The fact that no individual marble chip had exactly the same weight and surface area could have caused problems.  If chips in the first set of experiments were larger than them of the second, it could mean that the rate of reaction in the second set was quicker as there are less ‘layers of particles’ in each chip, so it would be quicker and easier for the nitric acid particles to have access to collide with each individual particle in the marble chip because the larger the surface area the quicker the rate of reaction.  One way to get around this would be to use calcium carbonate in powder form because the surface areas have all particles are the same, except for extremely minor fractions but, using the same concentrations, it would mean that the reaction would occur too fast and so the concentrations must be changed.  A new set of measurements that could be used are;

1.0M (25cm³ acid, 0cm³ water)

0.8M (20cm³ acid, 5cm³ water)

0.6M (15cm³ acid, 10cm³ water)

0.4M (10cm³ acid, 15cm³ water)

0.2M (5cm³ acid, 20cm³ water)

Also on some experiments, for example the 1.2M and 0.4 concentrations of each set of experiments excluding preliminary, the gas syringe stuck which could mean that some results are incorrect such as at 50 seconds on 1.2M and the stand which held the gas syringe was quite unstable and because of it, it was extremely difficult to ensure the syringe was parallel with the table and the gas syringe would most likely be on a slant and so this could make it move slightly faster or slower by the force of gravity acting upon it.

Another factor that could be the reason why I have anomalous results is the time when the bung is placed on the conical flask compared to when the stop clock starts.  Below is a design that aims to conquer this problem by the stop clock starting at the exact same time the bung is placed on the conical flask:

To operate it, you must pour the solution in to the upside-down conical flask (the nitric acid solution) then pour this into the tubing and lift the bung up to place the marble chips inside the other conical flask.  When you press the stopwatch button, the nitric acid flows into the other conical flask containing the marble chips at the same time as the timer begins.

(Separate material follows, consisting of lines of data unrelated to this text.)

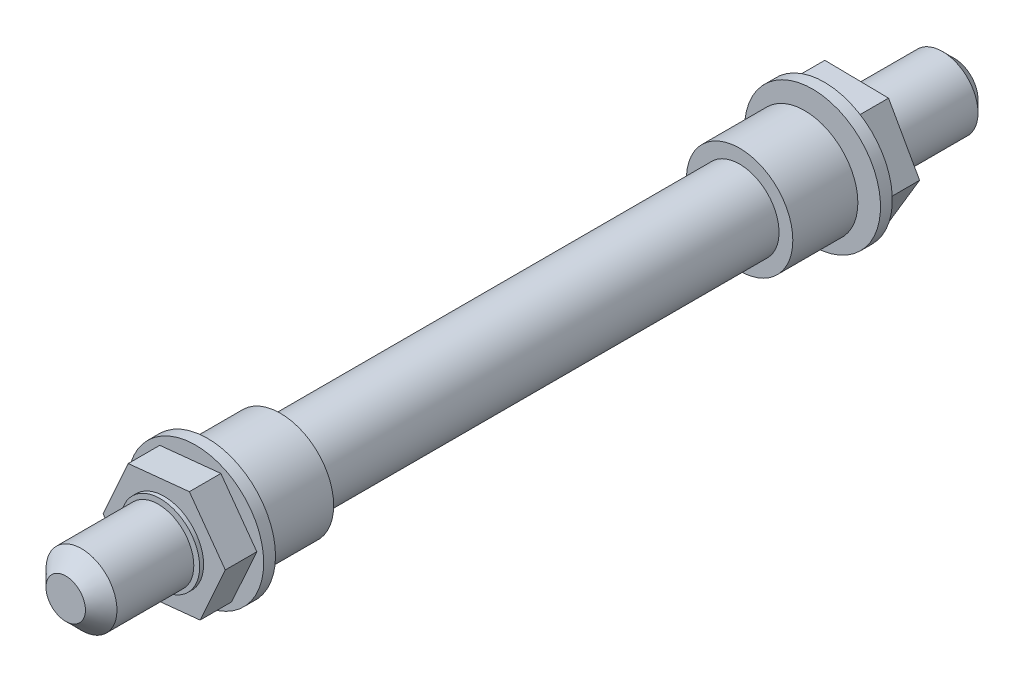
ISO-10303-21;
HEADER;
FILE_DESCRIPTION(('STEP AP214'),'2;1');
FILE_NAME('part.step','',(''),(''),'','','');
FILE_SCHEMA(('AUTOMOTIVE_DESIGN { 1 0 10303 214 1 1 1 1 }'));
ENDSEC;
DATA;
#1=APPLICATION_CONTEXT('core data for automotive mechanical design processes');
#2=APPLICATION_PROTOCOL_DEFINITION('international standard','automotive_design',2000,#1);
#3=PRODUCT_CONTEXT('',#1,'mechanical');
#4=PRODUCT('Part','Part','',(#3));
#5=PRODUCT_RELATED_PRODUCT_CATEGORY('part','',(#4));
#6=PRODUCT_DEFINITION_FORMATION('','',#4);
#7=PRODUCT_DEFINITION_CONTEXT('part definition',#1,'design');
#8=PRODUCT_DEFINITION('design','',#6,#7);
#9=PRODUCT_DEFINITION_SHAPE('','',#8);
#10=(LENGTH_UNIT() NAMED_UNIT(*) SI_UNIT(.MILLI.,.METRE.));
#11=(NAMED_UNIT(*) PLANE_ANGLE_UNIT() SI_UNIT($,.RADIAN.));
#12=(NAMED_UNIT(*) SI_UNIT($,.STERADIAN.) SOLID_ANGLE_UNIT());
#13=UNCERTAINTY_MEASURE_WITH_UNIT(LENGTH_MEASURE(1.E-05),#10,'distance_accuracy_value','');
#14=(GEOMETRIC_REPRESENTATION_CONTEXT(3) GLOBAL_UNCERTAINTY_ASSIGNED_CONTEXT((#13)) GLOBAL_UNIT_ASSIGNED_CONTEXT((#10,
#11,#12)) REPRESENTATION_CONTEXT('',''));
#15=CARTESIAN_POINT('',(0.,0.,0.));
#16=DIRECTION('',(0.,0.,1.));
#17=DIRECTION('',(1.,0.,0.));
#18=AXIS2_PLACEMENT_3D('',#15,#16,#17);
#19=CARTESIAN_POINT('',(0.,0.,-79.75));
#20=DIRECTION('',(0.,0.,-1.));
#21=DIRECTION('',(-1.,0.,0.));
#22=AXIS2_PLACEMENT_3D('',#19,#20,#21);
#23=PLANE('',#22);
#24=CARTESIAN_POINT('',(0.,0.,-79.75));
#25=DIRECTION('',(0.,0.,-1.));
#26=DIRECTION('',(-1.,0.,0.));
#27=AXIS2_PLACEMENT_3D('',#24,#25,#26);
#28=CIRCLE('',#27,17.25);
#29=CARTESIAN_POINT('',(-17.25,0.,-79.75));
#30=VERTEX_POINT('',#29);
#31=EDGE_CURVE('E194',#30,#30,#28,.T.);
#32=ORIENTED_EDGE('',*,*,#31,.T.);
#33=EDGE_LOOP('',(#32));
#34=FACE_BOUND('',#33,.T.);
#35=DIRECTION('',(0.999894472103177,-0.0145273761398714,0.));
#36=VECTOR('',#35,1.);
#37=CARTESIAN_POINT('',(-7.87866753086163,14.1159459927941,-79.75));
#38=LINE('',#37,#36);
#39=CARTESIAN_POINT('',(-7.87866753086163,14.1159459927941,-79.75));
#40=VERTEX_POINT('',#39);
#41=CARTESIAN_POINT('',(8.28543406277803,13.8810992260948,-79.75));
#42=VERTEX_POINT('',#41);
#43=EDGE_CURVE('E326',#40,#42,#38,.T.);
#44=ORIENTED_EDGE('',*,*,#43,.F.);
#45=DIRECTION('',(0.512528312839049,0.858670325875046,0.));
#46=VECTOR('',#45,1.);
#47=CARTESIAN_POINT('',(-16.1641015936397,0.234846766699263,-79.75));
#48=LINE('',#47,#46);
#49=CARTESIAN_POINT('',(-16.1641015936397,0.234846766699263,-79.75));
#50=VERTEX_POINT('',#49);
#51=EDGE_CURVE('E305',#50,#40,#48,.T.);
#52=ORIENTED_EDGE('',*,*,#51,.F.);
#53=DIRECTION('',(-0.487366159264128,0.873197702014918,0.));
#54=VECTOR('',#53,1.);
#55=CARTESIAN_POINT('',(-8.28543406277803,-13.8810992260948,-79.75));
#56=LINE('',#55,#54);
#57=CARTESIAN_POINT('',(-8.28543406277803,-13.8810992260948,-79.75));
#58=VERTEX_POINT('',#57);
#59=EDGE_CURVE('E301',#58,#50,#56,.T.);
#60=ORIENTED_EDGE('',*,*,#59,.F.);
#61=DIRECTION('',(-0.999894472103177,0.0145273761398714,0.));
#62=VECTOR('',#61,1.);
#63=CARTESIAN_POINT('',(7.87866753086163,-14.1159459927941,-79.75));
#64=LINE('',#63,#62);
#65=CARTESIAN_POINT('',(7.87866753086163,-14.1159459927941,-79.75));
#66=VERTEX_POINT('',#65);
#67=EDGE_CURVE('E320',#66,#58,#64,.T.);
#68=ORIENTED_EDGE('',*,*,#67,.F.);
#69=DIRECTION('',(-0.512528312839049,-0.858670325875046,0.));
#70=VECTOR('',#69,1.);
#71=CARTESIAN_POINT('',(16.1641015936397,-0.234846766699264,-79.75));
#72=LINE('',#71,#70);
#73=CARTESIAN_POINT('',(16.1641015936397,-0.234846766699264,-79.75));
#74=VERTEX_POINT('',#73);
#75=EDGE_CURVE('E322',#74,#66,#72,.T.);
#76=ORIENTED_EDGE('',*,*,#75,.F.);
#77=DIRECTION('',(0.487366159264128,-0.873197702014918,0.));
#78=VECTOR('',#77,1.);
#79=CARTESIAN_POINT('',(8.28543406277803,13.8810992260948,-79.75));
#80=LINE('',#79,#78);
#81=EDGE_CURVE('E324',#42,#74,#80,.T.);
#82=ORIENTED_EDGE('',*,*,#81,.F.);
#83=EDGE_LOOP('',(#44,#52,#60,#68,#76,#82));
#84=FACE_BOUND('',#83,.T.);
#85=ADVANCED_FACE('F34',(#34,#84),#23,.T.);
#86=CARTESIAN_POINT('',(0.,0.,-88.75));
#87=DIRECTION('',(0.,0.,1.));
#88=DIRECTION('',(1.,0.,0.));
#89=AXIS2_PLACEMENT_3D('',#86,#87,#88);
#90=CYLINDRICAL_SURFACE('',#89,10.);
#91=CARTESIAN_POINT('',(0.,0.,-74.75));
#92=DIRECTION('',(0.,0.,-1.));
#93=DIRECTION('',(-1.,0.,0.));
#94=AXIS2_PLACEMENT_3D('',#91,#92,#93);
#95=CIRCLE('',#94,10.);
#96=CARTESIAN_POINT('',(-10.,0.,-74.75));
#97=VERTEX_POINT('',#96);
#98=EDGE_CURVE('E179',#97,#97,#95,.T.);
#99=ORIENTED_EDGE('',*,*,#98,.T.);
#100=EDGE_LOOP('',(#99));
#101=FACE_BOUND('',#100,.T.);
#102=CARTESIAN_POINT('',(0.,0.,-76.75));
#103=DIRECTION('',(0.,0.,-1.));
#104=DIRECTION('',(-1.,0.,0.));
#105=AXIS2_PLACEMENT_3D('',#102,#103,#104);
#106=CIRCLE('',#105,10.);
#107=CARTESIAN_POINT('',(-10.,0.,-76.75));
#108=VERTEX_POINT('',#107);
#109=EDGE_CURVE('E191',#108,#108,#106,.F.);
#110=ORIENTED_EDGE('',*,*,#109,.T.);
#111=EDGE_LOOP('',(#110));
#112=FACE_BOUND('',#111,.T.);
#113=ADVANCED_FACE('F349',(#101,#112),#90,.T.);
#114=CARTESIAN_POINT('',(0.,0.,88.75));
#115=DIRECTION('',(0.,0.,1.));
#116=DIRECTION('',(1.,0.,0.));
#117=AXIS2_PLACEMENT_3D('',#114,#115,#116);
#118=PLANE('',#117);
#119=CARTESIAN_POINT('',(0.,0.,88.75));
#120=DIRECTION('',(0.,0.,1.));
#121=DIRECTION('',(1.,0.,0.));
#122=AXIS2_PLACEMENT_3D('',#119,#120,#121);
#123=CIRCLE('',#122,10.);
#124=CARTESIAN_POINT('',(10.,0.,88.75));
#125=VERTEX_POINT('',#124);
#126=EDGE_CURVE('E156',#125,#125,#123,.T.);
#127=ORIENTED_EDGE('',*,*,#126,.T.);
#128=EDGE_LOOP('',(#127));
#129=FACE_BOUND('',#128,.T.);
#130=CARTESIAN_POINT('',(0.,0.,88.75));
#131=DIRECTION('',(0.,0.,1.));
#132=DIRECTION('',(1.,0.,0.));
#133=AXIS2_PLACEMENT_3D('',#130,#131,#132);
#134=CIRCLE('',#133,3.);
#135=CARTESIAN_POINT('',(3.,0.,88.75));
#136=VERTEX_POINT('',#135);
#137=EDGE_CURVE('E149',#136,#136,#134,.T.);
#138=ORIENTED_EDGE('',*,*,#137,.F.);
#139=EDGE_LOOP('',(#138));
#140=FACE_BOUND('',#139,.T.);
#141=ADVANCED_FACE('F354',(#129,#140),#118,.T.);
#142=CARTESIAN_POINT('',(0.,0.,88.75));
#143=DIRECTION('',(0.,0.,-1.));
#144=DIRECTION('',(-1.,0.,0.));
#145=AXIS2_PLACEMENT_3D('',#142,#143,#144);
#146=CYLINDRICAL_SURFACE('',#145,10.);
#147=CARTESIAN_POINT('',(0.,0.,87.75));
#148=DIRECTION('',(0.,0.,1.));
#149=DIRECTION('',(1.,0.,0.));
#150=AXIS2_PLACEMENT_3D('',#147,#148,#149);
#151=CIRCLE('',#150,10.);
#152=CARTESIAN_POINT('',(10.,0.,87.75));
#153=VERTEX_POINT('',#152);
#154=EDGE_CURVE('E145',#153,#153,#151,.T.);
#155=ORIENTED_EDGE('',*,*,#154,.T.);
#156=EDGE_LOOP('',(#155));
#157=FACE_BOUND('',#156,.T.);
#158=ORIENTED_EDGE('',*,*,#126,.F.);
#159=EDGE_LOOP('',(#158));
#160=FACE_BOUND('',#159,.T.);
#161=ADVANCED_FACE('F459',(#157,#160),#146,.T.);
#162=CARTESIAN_POINT('',(0.,0.,89.23));
#163=DIRECTION('',(0.,0.,-1.));
#164=DIRECTION('',(-1.,0.,0.));
#165=AXIS2_PLACEMENT_3D('',#162,#163,#164);
#166=CYLINDRICAL_SURFACE('',#165,3.);
#167=CARTESIAN_POINT('',(0.,0.,89.23));
#168=DIRECTION('',(0.,0.,1.));
#169=DIRECTION('',(1.,0.,0.));
#170=AXIS2_PLACEMENT_3D('',#167,#168,#169);
#171=CIRCLE('',#170,3.);
#172=CARTESIAN_POINT('',(3.,0.,89.23));
#173=VERTEX_POINT('',#172);
#174=EDGE_CURVE('E150',#173,#173,#171,.T.);
#175=ORIENTED_EDGE('',*,*,#174,.F.);
#176=EDGE_LOOP('',(#175));
#177=FACE_BOUND('',#176,.T.);
#178=ORIENTED_EDGE('',*,*,#137,.T.);
#179=EDGE_LOOP('',(#178));
#180=FACE_BOUND('',#179,.T.);
#181=ADVANCED_FACE('F452',(#177,#180),#166,.T.);
#182=CARTESIAN_POINT('',(0.,0.,89.23));
#183=DIRECTION('',(0.,0.,1.));
#184=DIRECTION('',(1.,0.,0.));
#185=AXIS2_PLACEMENT_3D('',#182,#183,#184);
#186=PLANE('',#185);
#187=CARTESIAN_POINT('',(0.,0.,89.23));
#188=DIRECTION('',(0.,0.,1.));
#189=DIRECTION('',(1.,0.,0.));
#190=AXIS2_PLACEMENT_3D('',#187,#188,#189);
#191=CIRCLE('',#190,9.);
#192=CARTESIAN_POINT('',(9.,0.,89.23));
#193=VERTEX_POINT('',#192);
#194=EDGE_CURVE('E146',#193,#193,#191,.T.);
#195=ORIENTED_EDGE('',*,*,#194,.F.);
#196=EDGE_LOOP('',(#195));
#197=FACE_BOUND('',#196,.T.);
#198=ORIENTED_EDGE('',*,*,#174,.T.);
#199=EDGE_LOOP('',(#198));
#200=FACE_BOUND('',#199,.T.);
#201=ADVANCED_FACE('F449',(#197,#200),#186,.F.);
#202=CARTESIAN_POINT('',(0.,0.,112.73));
#203=DIRECTION('',(0.,0.,-1.));
#204=DIRECTION('',(-1.,0.,0.));
#205=AXIS2_PLACEMENT_3D('',#202,#203,#204);
#206=CYLINDRICAL_SURFACE('',#205,9.);
#207=CARTESIAN_POINT('',(0.,0.,108.73));
#208=DIRECTION('',(0.,0.,1.));
#209=DIRECTION('',(1.,0.,0.));
#210=AXIS2_PLACEMENT_3D('',#207,#208,#209);
#211=CIRCLE('',#210,9.);
#212=CARTESIAN_POINT('',(9.,0.,108.73));
#213=VERTEX_POINT('',#212);
#214=EDGE_CURVE('E173',#213,#213,#211,.F.);
#215=ORIENTED_EDGE('',*,*,#214,.T.);
#216=EDGE_LOOP('',(#215));
#217=FACE_BOUND('',#216,.T.);
#218=ORIENTED_EDGE('',*,*,#194,.T.);
#219=EDGE_LOOP('',(#218));
#220=FACE_BOUND('',#219,.T.);
#221=ADVANCED_FACE('F447',(#217,#220),#206,.T.);
#222=CARTESIAN_POINT('',(0.,0.,112.73));
#223=DIRECTION('',(0.,0.,1.));
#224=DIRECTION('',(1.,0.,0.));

From my evaluation, the following is an improved method of how I would conduct my experiment if I were to do it again:

1. Using a burette, measure out nitric acid into a test-tube using the measurement of 25cm³ of Nitric Acid and add 4.0g of calcium carbonate in powder form.

2. Switch the water bath to 30°C and place each test tube in there

3. Leave each test tube in the water bath for thirty minutes whilst you set up the experiment as shown in the diagram

4. After this, take the 1.0M labelled test tube and empty the contents into the conical flask of the apparatus

5. Press the timer so at the same time the nitric acid solution runs into the conical flask containing the marble chips

6. Every 10 seconds for a period of 100 seconds, measure the volume of the gas syringe

7. Repeat this for 0.8M, 0.6M, 0.4M, 0.2M concentrations

If I had a longer period of time to conduct the experiment of reacting marble chips with dilute acid, I would have adapted the following and fit it into a new method whilst still using the same apparatus to expand my knowledge of rates of reaction even more so:

• Temperature:  I would alter the temperature to a lower and higher degrees to see how this affected the different rates
• Surface Area:  I would use a powder form of marble and a larger rock to compare the results
• Catalyst:  I may add a catalyst to see if it affects the volume and speed of gas produced
• Concentration:  Also I would use a different concentration such as the following to see if the pattern is still the same:

It would also have been possible to use a different acid such as Sulphuric acid instead of Nitric acid to compare the different results if there are any.  Also, more repeats would have helped me to come to a more definite conclusion.

I conclude that all of the above things stated in my evaluation would help me to test rates of reactions in other areas, therefore developing my understanding and widening my knowledge of the topic.